Moonshine-base
Property | Value |
---|---|
Parameter Count | 103M |
Model Type | Automatic Speech Recognition |
License | MIT |
Paper | arXiv:2410.15608 |
Language | English |
What is moonshine-base?
Moonshine-base is a state-of-the-art speech recognition model developed by UsefulSensors, designed specifically for efficient deployment on resource-constrained platforms. Trained on 200,000 hours of audio data, it represents a significant advancement in making ASR technology more accessible and performant on limited hardware.
Implementation Details
The model employs a sequence-to-sequence architecture optimized for English speech recognition. It operates at 16kHz sample rate and utilizes F32 tensor types for processing. The implementation includes both tokenizer and model components, making it a complete solution for speech-to-text conversion.

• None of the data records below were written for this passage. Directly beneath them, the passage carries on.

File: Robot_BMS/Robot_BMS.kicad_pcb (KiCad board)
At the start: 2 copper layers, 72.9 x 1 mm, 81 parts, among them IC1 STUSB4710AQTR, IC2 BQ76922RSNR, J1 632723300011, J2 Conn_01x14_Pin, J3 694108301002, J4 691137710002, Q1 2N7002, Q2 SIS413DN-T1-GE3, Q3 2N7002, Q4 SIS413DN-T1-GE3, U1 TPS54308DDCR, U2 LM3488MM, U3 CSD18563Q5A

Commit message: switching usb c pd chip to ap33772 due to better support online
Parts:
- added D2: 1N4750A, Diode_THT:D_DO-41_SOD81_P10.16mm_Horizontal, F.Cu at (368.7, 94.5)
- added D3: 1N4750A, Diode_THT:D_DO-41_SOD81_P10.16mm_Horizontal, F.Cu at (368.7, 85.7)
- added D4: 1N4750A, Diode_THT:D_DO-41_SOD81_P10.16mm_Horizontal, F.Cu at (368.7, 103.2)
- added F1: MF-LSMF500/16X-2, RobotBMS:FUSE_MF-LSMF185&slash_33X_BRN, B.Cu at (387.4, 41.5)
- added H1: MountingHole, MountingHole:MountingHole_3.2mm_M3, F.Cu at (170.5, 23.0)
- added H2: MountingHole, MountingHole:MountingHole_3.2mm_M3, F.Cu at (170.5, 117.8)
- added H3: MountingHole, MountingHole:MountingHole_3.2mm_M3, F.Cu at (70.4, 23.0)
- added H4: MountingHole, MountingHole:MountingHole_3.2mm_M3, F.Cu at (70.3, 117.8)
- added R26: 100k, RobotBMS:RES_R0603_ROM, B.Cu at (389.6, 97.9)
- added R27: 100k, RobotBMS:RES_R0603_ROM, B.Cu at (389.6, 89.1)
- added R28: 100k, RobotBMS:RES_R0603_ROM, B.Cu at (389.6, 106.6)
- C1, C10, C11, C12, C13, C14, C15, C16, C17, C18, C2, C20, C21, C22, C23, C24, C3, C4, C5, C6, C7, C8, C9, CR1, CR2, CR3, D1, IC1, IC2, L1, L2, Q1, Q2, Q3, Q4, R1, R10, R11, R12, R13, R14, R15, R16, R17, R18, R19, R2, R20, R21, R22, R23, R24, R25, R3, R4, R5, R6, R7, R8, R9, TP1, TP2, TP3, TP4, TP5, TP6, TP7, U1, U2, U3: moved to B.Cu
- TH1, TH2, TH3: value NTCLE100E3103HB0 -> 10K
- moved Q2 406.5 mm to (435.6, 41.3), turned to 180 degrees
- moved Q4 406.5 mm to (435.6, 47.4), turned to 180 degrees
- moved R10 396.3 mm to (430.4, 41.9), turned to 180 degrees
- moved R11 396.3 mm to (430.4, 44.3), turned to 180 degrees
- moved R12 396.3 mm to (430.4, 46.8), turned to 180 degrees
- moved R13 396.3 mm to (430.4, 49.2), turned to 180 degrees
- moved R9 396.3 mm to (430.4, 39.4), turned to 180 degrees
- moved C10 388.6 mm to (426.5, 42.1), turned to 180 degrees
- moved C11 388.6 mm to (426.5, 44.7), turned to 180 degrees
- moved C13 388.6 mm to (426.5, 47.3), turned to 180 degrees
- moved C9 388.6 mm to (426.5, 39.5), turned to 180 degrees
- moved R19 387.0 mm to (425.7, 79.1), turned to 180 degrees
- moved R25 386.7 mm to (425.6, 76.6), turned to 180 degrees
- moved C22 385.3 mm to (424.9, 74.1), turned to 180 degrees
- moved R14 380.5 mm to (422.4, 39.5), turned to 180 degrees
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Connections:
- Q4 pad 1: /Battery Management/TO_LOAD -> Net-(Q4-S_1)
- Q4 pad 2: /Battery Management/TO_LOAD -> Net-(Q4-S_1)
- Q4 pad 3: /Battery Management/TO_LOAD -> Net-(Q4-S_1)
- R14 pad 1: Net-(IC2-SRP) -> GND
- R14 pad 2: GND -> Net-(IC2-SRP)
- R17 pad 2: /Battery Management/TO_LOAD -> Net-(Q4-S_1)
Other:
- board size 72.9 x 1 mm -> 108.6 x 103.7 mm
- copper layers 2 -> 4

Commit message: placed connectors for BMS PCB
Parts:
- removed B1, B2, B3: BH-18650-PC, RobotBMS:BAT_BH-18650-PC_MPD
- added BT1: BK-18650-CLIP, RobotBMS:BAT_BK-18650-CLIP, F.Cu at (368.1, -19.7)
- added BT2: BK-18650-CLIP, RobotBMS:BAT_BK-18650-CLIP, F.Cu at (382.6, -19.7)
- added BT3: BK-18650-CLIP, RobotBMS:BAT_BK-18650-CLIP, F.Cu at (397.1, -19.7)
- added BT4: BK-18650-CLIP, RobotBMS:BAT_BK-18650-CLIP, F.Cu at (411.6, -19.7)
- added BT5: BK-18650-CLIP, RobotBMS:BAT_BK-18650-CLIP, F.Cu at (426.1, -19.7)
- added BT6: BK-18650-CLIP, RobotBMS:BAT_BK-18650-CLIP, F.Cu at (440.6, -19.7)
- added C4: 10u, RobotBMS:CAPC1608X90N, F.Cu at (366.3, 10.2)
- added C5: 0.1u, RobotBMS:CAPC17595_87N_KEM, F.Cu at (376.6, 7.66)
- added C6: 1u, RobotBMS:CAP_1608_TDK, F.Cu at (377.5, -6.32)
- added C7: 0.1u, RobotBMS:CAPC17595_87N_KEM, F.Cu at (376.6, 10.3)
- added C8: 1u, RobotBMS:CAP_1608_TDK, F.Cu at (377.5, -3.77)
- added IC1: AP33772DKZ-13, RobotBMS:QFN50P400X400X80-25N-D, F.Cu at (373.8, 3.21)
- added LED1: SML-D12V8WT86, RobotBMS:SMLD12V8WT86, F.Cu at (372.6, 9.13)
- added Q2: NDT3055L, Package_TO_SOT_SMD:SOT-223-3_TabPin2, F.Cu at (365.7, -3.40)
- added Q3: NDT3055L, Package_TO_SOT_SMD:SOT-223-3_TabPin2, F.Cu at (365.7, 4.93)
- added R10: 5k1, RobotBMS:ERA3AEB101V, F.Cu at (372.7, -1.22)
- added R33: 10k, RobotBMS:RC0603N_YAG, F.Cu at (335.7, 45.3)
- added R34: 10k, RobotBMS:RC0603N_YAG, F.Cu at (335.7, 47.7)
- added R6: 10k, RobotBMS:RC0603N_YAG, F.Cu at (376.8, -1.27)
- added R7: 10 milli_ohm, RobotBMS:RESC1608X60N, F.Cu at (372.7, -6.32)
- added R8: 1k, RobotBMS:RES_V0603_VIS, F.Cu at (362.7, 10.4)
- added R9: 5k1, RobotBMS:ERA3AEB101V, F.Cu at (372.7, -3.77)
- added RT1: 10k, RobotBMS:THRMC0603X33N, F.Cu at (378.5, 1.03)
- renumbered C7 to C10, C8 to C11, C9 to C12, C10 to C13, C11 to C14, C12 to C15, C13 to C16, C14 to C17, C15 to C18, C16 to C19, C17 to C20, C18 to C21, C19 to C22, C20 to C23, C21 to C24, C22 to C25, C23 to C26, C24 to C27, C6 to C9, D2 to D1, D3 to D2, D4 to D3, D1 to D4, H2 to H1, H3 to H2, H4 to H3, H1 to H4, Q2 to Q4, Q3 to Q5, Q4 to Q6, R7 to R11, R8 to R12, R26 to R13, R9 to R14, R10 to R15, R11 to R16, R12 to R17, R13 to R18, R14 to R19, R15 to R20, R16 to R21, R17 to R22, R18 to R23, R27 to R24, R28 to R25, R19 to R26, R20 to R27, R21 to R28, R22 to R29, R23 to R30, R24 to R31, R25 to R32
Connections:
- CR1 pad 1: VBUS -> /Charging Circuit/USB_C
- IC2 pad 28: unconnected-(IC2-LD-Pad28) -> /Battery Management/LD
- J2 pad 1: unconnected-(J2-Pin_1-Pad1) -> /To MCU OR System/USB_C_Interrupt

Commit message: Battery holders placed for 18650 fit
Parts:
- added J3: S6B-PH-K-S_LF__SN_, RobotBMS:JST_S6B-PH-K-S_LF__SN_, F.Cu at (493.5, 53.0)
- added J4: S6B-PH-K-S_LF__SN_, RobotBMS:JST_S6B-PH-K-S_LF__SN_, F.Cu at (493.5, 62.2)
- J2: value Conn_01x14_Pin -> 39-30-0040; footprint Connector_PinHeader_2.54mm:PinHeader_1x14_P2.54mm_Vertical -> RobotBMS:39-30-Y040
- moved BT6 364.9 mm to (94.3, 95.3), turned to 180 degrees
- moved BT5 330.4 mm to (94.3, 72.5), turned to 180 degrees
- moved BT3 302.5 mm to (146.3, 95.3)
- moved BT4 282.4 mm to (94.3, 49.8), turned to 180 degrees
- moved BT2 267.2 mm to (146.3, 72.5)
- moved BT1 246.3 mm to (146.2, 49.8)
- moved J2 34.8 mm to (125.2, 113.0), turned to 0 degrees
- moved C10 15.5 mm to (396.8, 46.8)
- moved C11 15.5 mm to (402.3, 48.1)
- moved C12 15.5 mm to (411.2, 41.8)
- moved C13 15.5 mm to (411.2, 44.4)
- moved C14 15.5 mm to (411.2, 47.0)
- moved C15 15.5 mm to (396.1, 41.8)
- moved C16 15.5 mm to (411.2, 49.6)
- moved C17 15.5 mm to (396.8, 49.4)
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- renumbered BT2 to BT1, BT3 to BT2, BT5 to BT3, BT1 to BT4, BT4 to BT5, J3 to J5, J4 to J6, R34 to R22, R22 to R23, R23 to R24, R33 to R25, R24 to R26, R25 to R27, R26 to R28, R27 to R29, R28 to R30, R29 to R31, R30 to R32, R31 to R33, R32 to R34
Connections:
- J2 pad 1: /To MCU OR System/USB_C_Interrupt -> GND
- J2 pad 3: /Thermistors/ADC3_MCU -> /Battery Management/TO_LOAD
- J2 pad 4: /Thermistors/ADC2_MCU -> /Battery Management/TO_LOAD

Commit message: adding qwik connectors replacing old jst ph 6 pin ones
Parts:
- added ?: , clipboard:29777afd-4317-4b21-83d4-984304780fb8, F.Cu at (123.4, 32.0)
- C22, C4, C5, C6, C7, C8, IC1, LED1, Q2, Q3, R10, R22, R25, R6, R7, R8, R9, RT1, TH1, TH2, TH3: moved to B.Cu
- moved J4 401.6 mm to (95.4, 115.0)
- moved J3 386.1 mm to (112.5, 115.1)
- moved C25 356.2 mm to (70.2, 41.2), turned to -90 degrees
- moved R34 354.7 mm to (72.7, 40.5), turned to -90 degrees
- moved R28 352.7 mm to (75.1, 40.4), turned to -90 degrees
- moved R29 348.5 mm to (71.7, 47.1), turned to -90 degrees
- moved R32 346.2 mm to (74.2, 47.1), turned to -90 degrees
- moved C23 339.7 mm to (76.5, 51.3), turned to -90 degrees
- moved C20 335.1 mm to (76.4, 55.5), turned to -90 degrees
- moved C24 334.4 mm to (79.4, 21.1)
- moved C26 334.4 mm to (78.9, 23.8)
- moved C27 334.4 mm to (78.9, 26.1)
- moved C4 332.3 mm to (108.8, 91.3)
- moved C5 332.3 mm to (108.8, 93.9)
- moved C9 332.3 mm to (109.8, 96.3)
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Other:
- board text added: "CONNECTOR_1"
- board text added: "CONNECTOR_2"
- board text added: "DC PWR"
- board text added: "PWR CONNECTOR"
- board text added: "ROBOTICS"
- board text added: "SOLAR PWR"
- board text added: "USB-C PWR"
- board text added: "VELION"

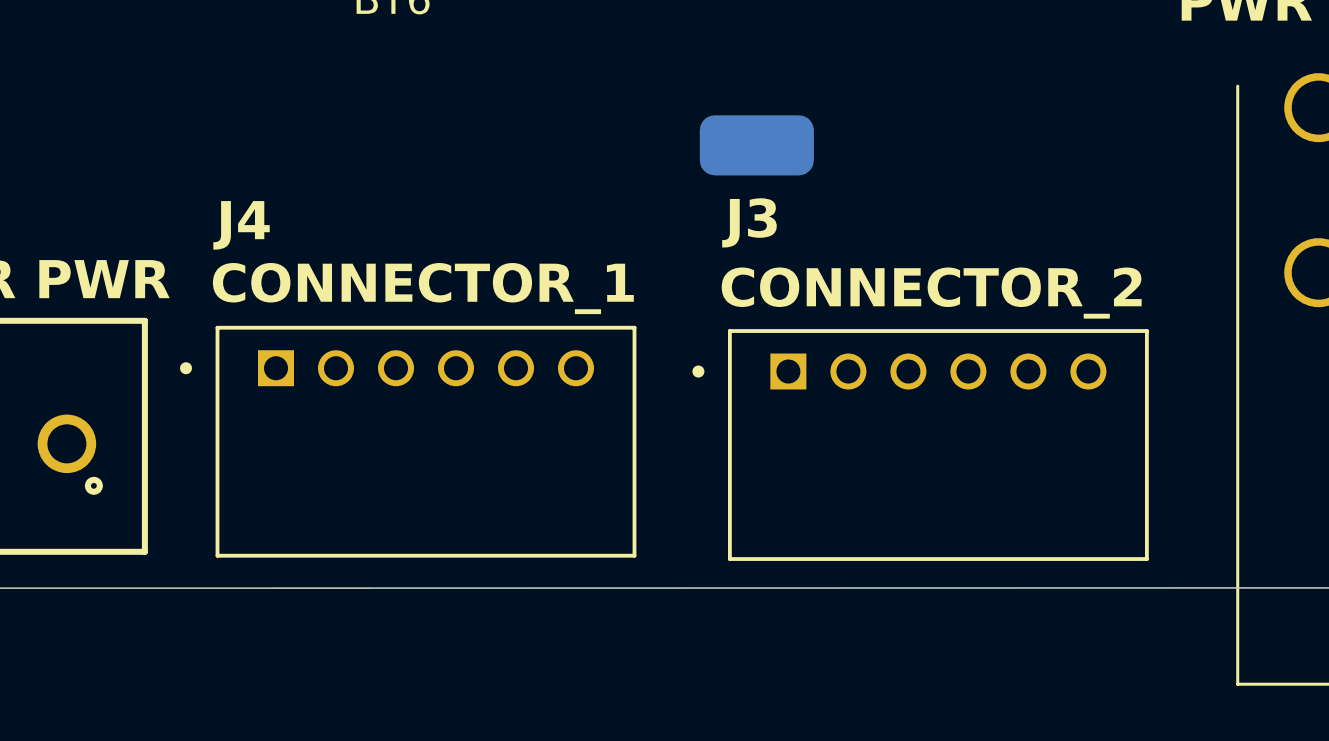
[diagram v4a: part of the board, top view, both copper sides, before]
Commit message: qwikk connector 3d model and footprint in RobotBMS
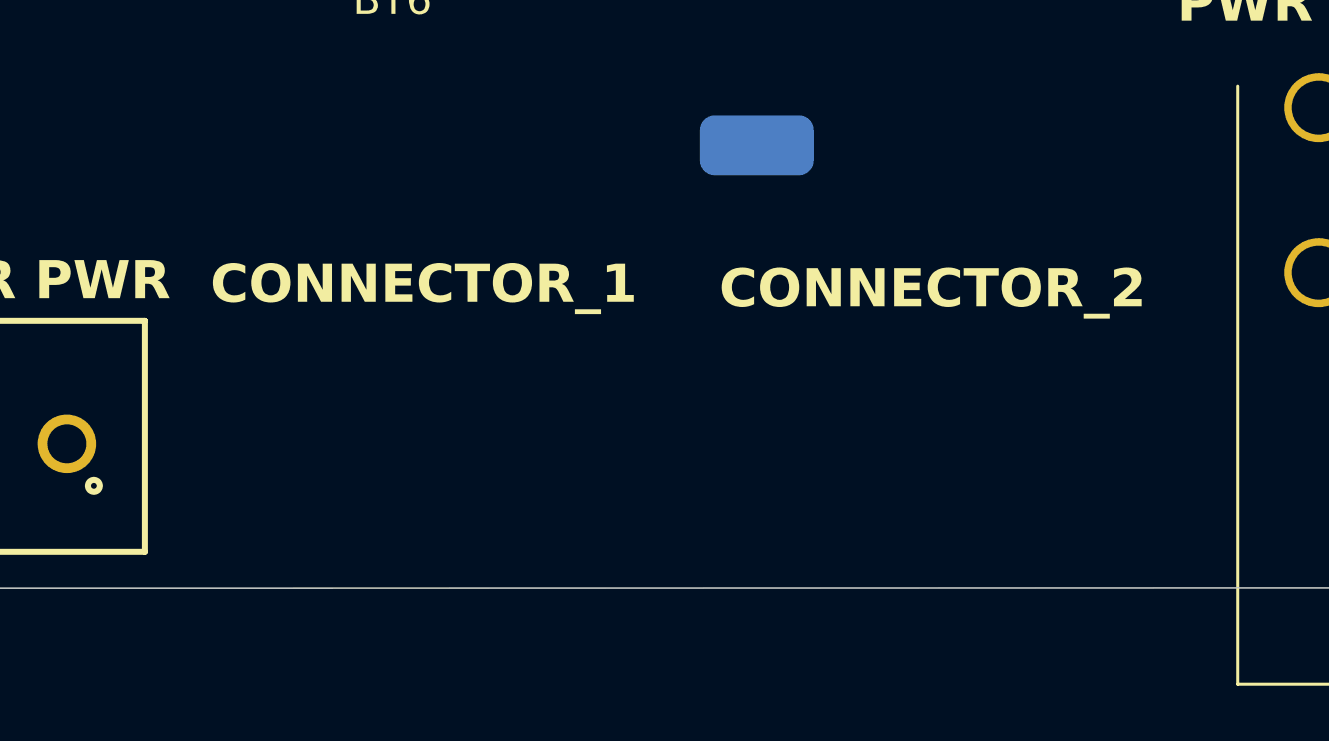
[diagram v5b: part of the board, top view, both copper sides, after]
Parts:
- removed J3, J4: S6B-PH-K-S_LF__SN_, RobotBMS:JST_S6B-PH-K-S_LF__SN_

- Optimized for real-time transcription
- Sequence-to-sequence architecture
- Trained on diverse audio datasets
- Supports efficient beam search and temperature scheduling
Core Capabilities
- English speech transcription with state-of-the-art accuracy
- Real-time processing capabilities
- Optimized for resource-constrained environments
- Potential for voice activity detection and speaker classification
Frequently Asked Questions
Q: What makes this model unique?
Moonshine-base stands out for its exceptional performance-to-size ratio, offering state-of-the-art accuracy while maintaining a relatively small footprint of 103M parameters, making it ideal for deployment on resource-constrained devices.
Q: What are the recommended use cases?
The model is particularly well-suited for accessibility tools, real-time transcription applications, and embedded systems where resource efficiency is crucial. However, it's not recommended for high-risk decision-making contexts or surveillance applications.